So we have a friendly Irishman turned gangster, a French vigilante, a Russian cop and a Portugeuse mystic. I'll be honest and say I like the cast already. I have clear story-lines fitted for all of you, that you ought to enjoy and should be able to play around in plenty.

Let's say we wait for one more, and then make a start. As usual, if you wanted to join, but that last slot is filled or the game has started, don't worry. Just post a character here and should I find room for you (either because I find my time allows it, a player character dies, or whatever) I'll get in touch and you can join in.

----------


## InvisibleWoman

*Name:* Hotaru Pullman. "Atropos"
*Age:* 26.
*Gender:* Female. (Chicks with guns, right?)
*Appearance:* thin frame, long fingers, straight long black hair, 5'5".
*Persona:* well-educated thanks to her American father's nobility. calm demeanor attained from time spent on rice farm with Japanese, maternal grandparents. well-mannered, but subtly sarcastic. disgusted with oppressors and the lifestyle of excess adored by high society. ultimately chaotic good.
*Occupation*: pulp vigilante by night . . . laundress by day?

*Skills and Traits:*
Persuasion - 10
Perception - 10
Bureauocratic savy - 5
Political Awareness - 5
Fashion - 10
City savy (knowing the 'usual suspects', knowing contacts) - 5
Lock-picking - 0
Code-breaking - 0
Fire-arms (hand-guns) - 10
Fire-arms (sub-machine guns) - 
Fire-arms (rifles) - 0
Mêlée weapons - 0
Unarmed combat - 10
Pragmatic/creative combatant - 0
Athletics/fitness - 5
Free-running - 5
Stealth/evasion - 5

Steady Hand

*Nationality:* Japanese/American.

----------


## Siиdяed

Nice. That might do.

Lost internet for a few days. Fixed well enough now.

So game starting in a day or so. Maybe. Should hope so anyway.

----------


## Siиdяed

Hold tight. I've been writing it up but want another day or two to make sure I'm starting it right.

I'll PM you all when the first chapter is up, just keeping you hooked.

----------


## Ametam

*is waiting for the intenseness to begin*

----------


## Siиdяed

I had a back-up of the first chapter. Which was fortunate.

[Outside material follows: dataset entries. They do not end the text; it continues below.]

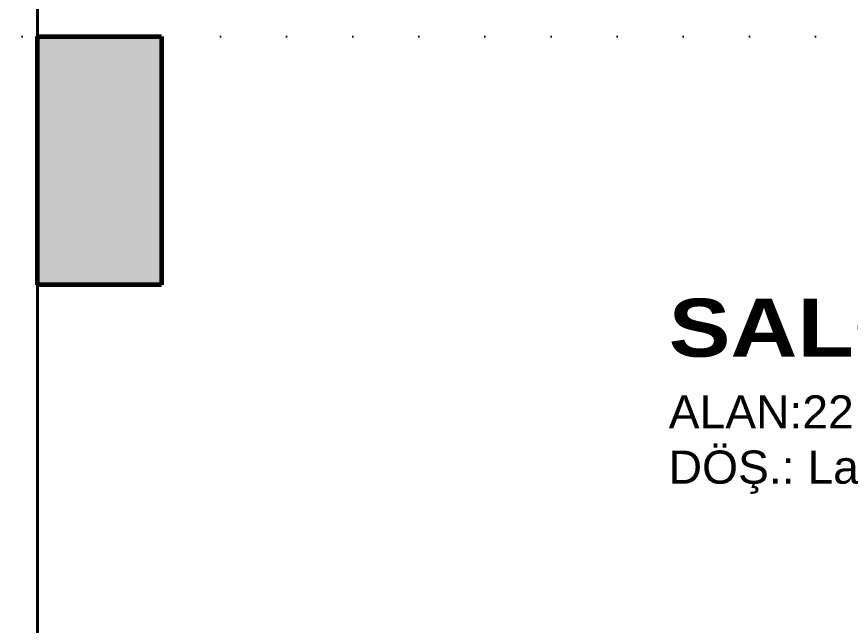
# Model space of a CAD drawing. Header units: millimetres. Extents: x 768 to 14077, y 324 to 18132.
# Drawn here: x 4116 to 4317.5, y 8387.4 to 8534.4 of the extents above; entities that cross this region are included whole.
import ezdxf

# ---------------------------------------------------------------- set-up
doc = ezdxf.new("R2010")
doc.units = ezdxf.units.MM
doc.linetypes.add('DOT2', pattern=[3.175, 0, -3.175])
doc.layers.add('SEM_AKS', color=161, linetype='Continuous')
for name, color, linetype, lineweight in [('SEM_DUVAR1', 136, 'Continuous', 40), ('SEM_KOLON1', 244, 'Continuous', 60), ('SEM_TARAMA', 253, 'Continuous', 5), ('SEM_YAZI2', 53, 'Continuous', 9)]:
    doc.layers.add(name, color=color, linetype=linetype, lineweight=lineweight)
doc.styles.get("Standard").update_dxf_attribs({"font": 'arial.ttf'})

msp = doc.modelspace()

# ---------------------------------------------------------------- hatches: boundary and pattern name
at = {"layer": 'SEM_TARAMA'}
h = msp.add_hatch(dxfattribs=at)
h.set_pattern_fill('ANGLE', color=256, scale=5)
h.set_pattern_definition([(0, (10.974, 6530.432), (0, 34.925), [25.4, -9.525]), (90, (10.974, 6530.432), (-34.925, 2e-15), [25.4, -9.525])])
h.paths.add_polyline_path([(1826.03, 8679.67), (1676.03, 8679.67), (1676.03, 8529.67), (1826.03, 8529.67)])
h.paths.add_polyline_path([(1826.03, 7464.67), (1676.03, 7464.67), (1676.03, 7314.67), (1826.03, 7314.67)])
h.paths.add_polyline_path([(4758.03, 7464.67), (4608.03, 7464.67), (4608.03, 7314.67), (4758.03, 7314.67)])
h.paths.add_polyline_path([(4758.03, 8679.67), (4608.03, 8679.67), (4608.03, 8529.67), (4758.03, 8529.67), (4758.03, 8574.67)])
h.paths.add_polyline_path([(4753.03, 7916.67), (4753.03, 7921.67), (4743.03, 7921.67), (4743.03, 7989.67), (4618.03, 7989.67), (4618.03, 7851.77), (4619.92, 7851.77), (4619.92, 7853.48), (4621.63, 7853.48), (4621.63, 7851.77), (4622.2, 7851.77), (4753.03, 7851.75)])
h.paths.add_polyline_path([(4753.03, 8136.67), (4622.08, 8136.67), (4622.08, 8135.68), (4620.37, 8135.68), (4618.03, 8135.68), (4618.03, 8009.67), (4743.03, 8009.67), (4743.03, 8072.51), (4753.03, 8072.51)])
h.paths.add_polyline_path([(4753.03, 8247.67), (4608.03, 8247.67), (4608.03, 8136.67), (4753.03, 8136.67)])
h.paths.add_polyline_path([(4705.94, 8233.24), (4616.94, 8233.24), (4616.94, 8145.95), (4616.94, 8144.24, 0.414214)], flags=16)
h.paths.add_polyline_path([(4682.91, 8213.84), (4628.35, 8213.84), (4628.35, 8227.8), (4682.91, 8227.8)], flags=0)
h.paths.add_polyline_path([(4634.06, 8234.95), (4634.06, 8237.23), (4688.82, 8237.23), (4688.82, 8234.95)], flags=16)
h.paths.add_polyline_path([(4688.25, 8235.52), (4634.63, 8235.52), (4634.63, 8236.66), (4688.25, 8236.66)], flags=0)
h.paths.add_polyline_path([(4622.65, 8143.1), (4622.65, 8137.4), (4621.51, 8137.4), (4616.94, 8137.4), (4616.94, 8140.25), (4621.51, 8140.25), (4621.51, 8143.1)], flags=16)
h.paths.add_polyline_path([(4622.65, 8240.08), (4621.51, 8240.08), (4621.51, 8242.93), (4616.94, 8242.93), (4616.94, 8245.79), (4620.37, 8245.79), (4620.37, 8247.5), (4622.08, 8247.5), (4622.08, 8245.79), (4622.65, 8245.79)], flags=16)
h.paths.add_polyline_path([(4753.03, 7851.67), (4622.2, 7851.67), (4622.2, 7846.07), (4621.06, 7846.07), (4621.06, 7844.81, -0.399265), (4705.49, 7755.93), (4705.49, 7750.23), (4621.06, 7750.23), (4621.06, 7749.09), (4622.2, 7749.09), (4622.2, 7743.38), (4621.63, 7743.38), (4621.63, 7741.67), (4753.03, 7741.67)])
h.paths.add_polyline_path([(1816.03, 8136.67), (1681.03, 8136.67), (1681.03, 8066.67), (1691.03, 8066.67), (1691.03, 8009.67), (1816.03, 8009.67), (1816.03, 8066.67)])
h.paths.add_polyline_path([(1727.5, 8234.22), (1727.5, 8239.93), (1811.93, 8239.93), (1811.93, 8241.07), (1810.79, 8241.07), (1810.79, 8246.77), (1811.36, 8246.77), (1811.36, 8247.67), (1691.03, 8247.67), (1681.03, 8247.67), (1681.03, 8136.67), (1811.36, 8136.67), (1811.36, 8138.38), (1810.79, 8138.38), (1810.79, 8144.09), (1811.93, 8144.09), (1811.93, 8145.35, -0.399265)])
h.paths.add_polyline_path([(1816.03, 7921.67), (1816.03, 7989.67), (1691.03, 7989.67), (1691.03, 7921.67), (1681.03, 7921.67), (1681.03, 7851.67), (1816.03, 7851.67)])
h.paths.add_polyline_path([(1826.03, 7851.67), (1681.03, 7851.67), (1681.04, 7741.67), (1691.04, 7741.67), (1826.03, 7741.67)])
h.paths.add_polyline_path([(4615.3, 7919.77), (4717.65, 7919.77), (4717.65, 7991.97), (4615.3, 7991.97)], flags=9)
h.paths.add_polyline_path([(4618.34, 8019.64), (4720.68, 8019.64), (4720.68, 8091.84), (4618.34, 8091.84)], flags=24)
h.paths.add_polyline_path([(1693, 8028.05), (1795.35, 8028.05), (1795.35, 8100.25), (1693, 8100.25)], flags=24)
h.paths.add_polyline_path([(1689.11, 7915.35), (1791.45, 7915.35), (1791.45, 7987.55), (1689.11, 7987.55)], flags=24)
h = msp.add_hatch(dxfattribs=at)
h.set_pattern_fill('ANSI36', color=256)
h.set_pattern_definition([(45, (10.974, 6530.432), (1.683798, 6.173926), [7.9375, -1.5875, 0, -1.5875])])
h.paths.add_polyline_path([(1891.03, 8009.67), (1831.03, 8009.67), (1831.03, 7979.67), (1861.03, 7979.67), (1891.03, 7979.67)])
h.paths.add_polyline_path([(2477.03, 8009.67), (2417.03, 8009.67), (2417.03, 7979.67), (2477.03, 7979.67)])
h.paths.add_polyline_path([(1876.03, 8529.67), (1826.03, 8529.67), (1826.03, 8479.67), (1876.03, 8479.67)])
h.paths.add_polyline_path([(2477.03, 8529.67), (2447.03, 8529.67), (2447.03, 8469.67), (2477.03, 8469.67)])
h.paths.add_polyline_path([(3106.03, 8529.67), (3077.03, 8529.67), (3077.03, 8499.67), (3106.03, 8499.67)])
h.paths.add_polyline_path([(3137.03, 8529.67), (3106.03, 8529.67), (3106.03, 8499.67), (3137.03, 8499.67)])
h.paths.add_polyline_path([(3833.03, 8529.67), (3773.03, 8529.67), (3773.03, 8499.67), (3833.03, 8499.67)])
h.paths.add_polyline_path([(4151.03, 8529.67), (4121.03, 8529.67), (4121.03, 8469.67), (4151.03, 8469.67)])
h.paths.add_polyline_path([(4608.03, 8529.67), (4558.03, 8529.67), (4558.03, 8479.67), (4608.03, 8479.67)])
h.paths.add_polyline_path([(4603.03, 8009.67), (4543.03, 8009.67), (4543.03, 7979.67), (4603.03, 7979.67)])
h.paths.add_polyline_path([(4608.03, 7494.67), (4558.03, 7494.67), (4558.03, 7464.67), (4608.03, 7464.67)])
h.paths.add_polyline_path([(4608.03, 7514.67), (4558.03, 7514.67), (4558.03, 7494.67), (4608.03, 7494.67)])
h.paths.add_polyline_path([(4151.03, 7524.67), (4121.03, 7524.67), (4121.03, 7494.67), (4151.03, 7494.67)])
h.paths.add_polyline_path([(4151.03, 7494.67), (4121.03, 7494.67), (4121.03, 7464.67), (4151.03, 7464.67)])
h.paths.add_polyline_path([(3833.03, 7494.67), (3773.03, 7494.67), (3773.03, 7464.67), (3833.03, 7464.67)])
h.paths.add_polyline_path([(3106.03, 7494.67), (3077.03, 7494.67), (3077.03, 7464.67), (3106.03, 7464.67)])
h.paths.add_polyline_path([(3137.03, 7494.67), (3106.03, 7494.67), (3106.03, 7464.67), (3137.03, 7464.67)])
h.paths.add_polyline_path([(2477.03, 7524.67), (2447.03, 7524.67), (2447.03, 7494.67), (2477.03, 7494.67)])
h.paths.add_polyline_path([(2477.03, 7494.67), (2447.03, 7494.67), (2447.03, 7464.67), (2477.03, 7464.67)])
h.paths.add_polyline_path([(1876.03, 7514.67), (1826.03, 7514.67), (1826.03, 7494.67), (1876.03, 7494.67)])
h.paths.add_polyline_path([(1876.03, 7494.67), (1826.03, 7494.67), (1826.03, 7464.67), (1876.03, 7464.67)])
h.paths.add_polyline_path([(3131.03, 8009.67), (3106.03, 8009.67), (3106.03, 7851.67), (3285.88, 7851.67), (3285.88, 7851.77), (3286.45, 7851.77), (3286.45, 7853.48), (3288.16, 7853.48), (3288.16, 7851.77), (3291.58, 7851.77), (3302.99, 7851.77), (3302.99, 7851.77), (3306.03, 7851.77), (3306.03, 7876.67), (3301.03, 7876.67), (3131.03, 7876.67)])
h.paths.add_polyline_path([(3131.03, 8116.67), (3306.03, 8116.67), (3306.03, 8136.67), (3106.03, 8136.67), (3106.03, 8009.67), (3131.03, 8009.67)])
h.paths.add_polyline_path([(4181.03, 8009.67), (4121.03, 8009.67), (4121.03, 7979.67), (4181.03, 7979.67)])

# ---------------------------------------------------------------- linework, layer by layer
at = {"layer": 'SEM_AKS', "linetype": 'DOT2', "ltscale": 5}
for p, q in [((4121.03, 9249.39), (4121.03, 6854.54)), ((5315.5, 8529.67), (1033.23, 8529.67))]:
    msp.add_line(p, q, dxfattribs=at)
at = {"layer": 'SEM_DUVAR1'}
msp.add_line((4121.03, 8262.67), (4121.03, 8664.67), dxfattribs=at)
at = {"layer": 'SEM_KOLON1'}
for p, q in [((4121.03, 8529.67), (4151.03, 8529.67)), ((4121.03, 8469.67), (4121.03, 8529.67)), ((4151.03, 8529.67), (4151.03, 8469.67)), ((4151.03, 8469.67), (4121.03, 8469.67))]:
    msp.add_line(p, q, dxfattribs=at)

# ---------------------------------------------------------------- texts
at = {"layer": 'SEM_YAZI2', "insert": (4273.61, 8419.18), "char_height": 20, "attachment_point": 7}
msp.add_mtext_dynamic_auto_height_columns('\\pt0;{\\fArial Black|b0|i0|c162|p34;\\H0.7x;SALON\\P\\fArial|b0|i0|c162|p34;\\H0.57143x;ALAN:22.42m²\\P\\ptz;DÖŞ.: Lamine parke}', width=198.0944, gutter_width=100, height=131.53, count=1, dxfattribs=at)

doc.saveas('drawing.dxf')

Again, AustralianFire and Saturos, you'll be making a debut in the next chapter (in the next few days, hopefully). I've rewritten your storylines over and over a few times trying to get the mood right. Should be sorted soon.

----------


## Caliban

Name: Roscoe Browne
Age: 32
Gender: Male

*Appearance:* A somewhat underweight figure to behold, slim shoulders, could be described as sickly on a bad day. Wears his dark brown hair short and slicked back to reveal a high set brow. He has a kind face.

*Persona:* Perpetually nervous. Couldn't be called paranoid - simply unable to relax and as a result is attracted to even the most childish of enigmas as a method of calming himself. Reasonable people skills. Not really a bad sort, although has a strong tendancy towards cowardice when the chips are down and a somewhat pragmatic approach to his moral code. His skill with puzzles lends itself to an ability with mechanical devices.

*Occupation:* Private Detective, for at least a year. Long enough to have a limited pool of minor contacts within the city.
Nationality: English

*General Skills
*
Persuasion - 10
Perception - 0
Bureauocratic savy - 0
Political Awareness - 5
Fashion - 0
City savy (knowing the 'usual suspects', knowing contacts) - 10
Lock-picking - 10
Code-breaking - 30
Fire-arms (hand-guns) - 0
Fire-arms (sub-machine guns) - 0
Fire-arms (rifles) - 0
Mêlée weapons - 0
Unarmed combat - 0
Pragmatic/creative combatant - 30
Athletics/fitness - 0
Free-running - 0
Stealth/evasion - 0

*Nervous Disposition
*
*Mechanically Minded
*

----------


## Siиdяed

Chapter up for AustralianFire and Saturos. You'll get PMs with Inventory and Backstory in a bit.

Will include Caliban's character in the next chapter. Feeling generous.

----------


## Siиdяed

So, action status:

no-Name: *Actions sent.*
InvisibleWoman: *Actions sent.*
Irken: Actions needed.
AustralianFire: *Actions sent.*
Saturos: Actions needed.

So you actions needed reply soon.

Oh, and I'm advertising this I guess.

----------


## InvisibleWoman

I was reminded of here.

----------


## Siиdяed

Sorry about the delay for no-Name and Invisible. Waiting on Irken. Want to do your segments together.

----------


## Siиdяed

the quiet conspiracy



MI5 Case Study 

Agent _Blond_, Nollendorfplatz, 1923

The four men stood about awkwardly for a time, while the fifth lounged contentedly with his eyes half closed by the high barred window.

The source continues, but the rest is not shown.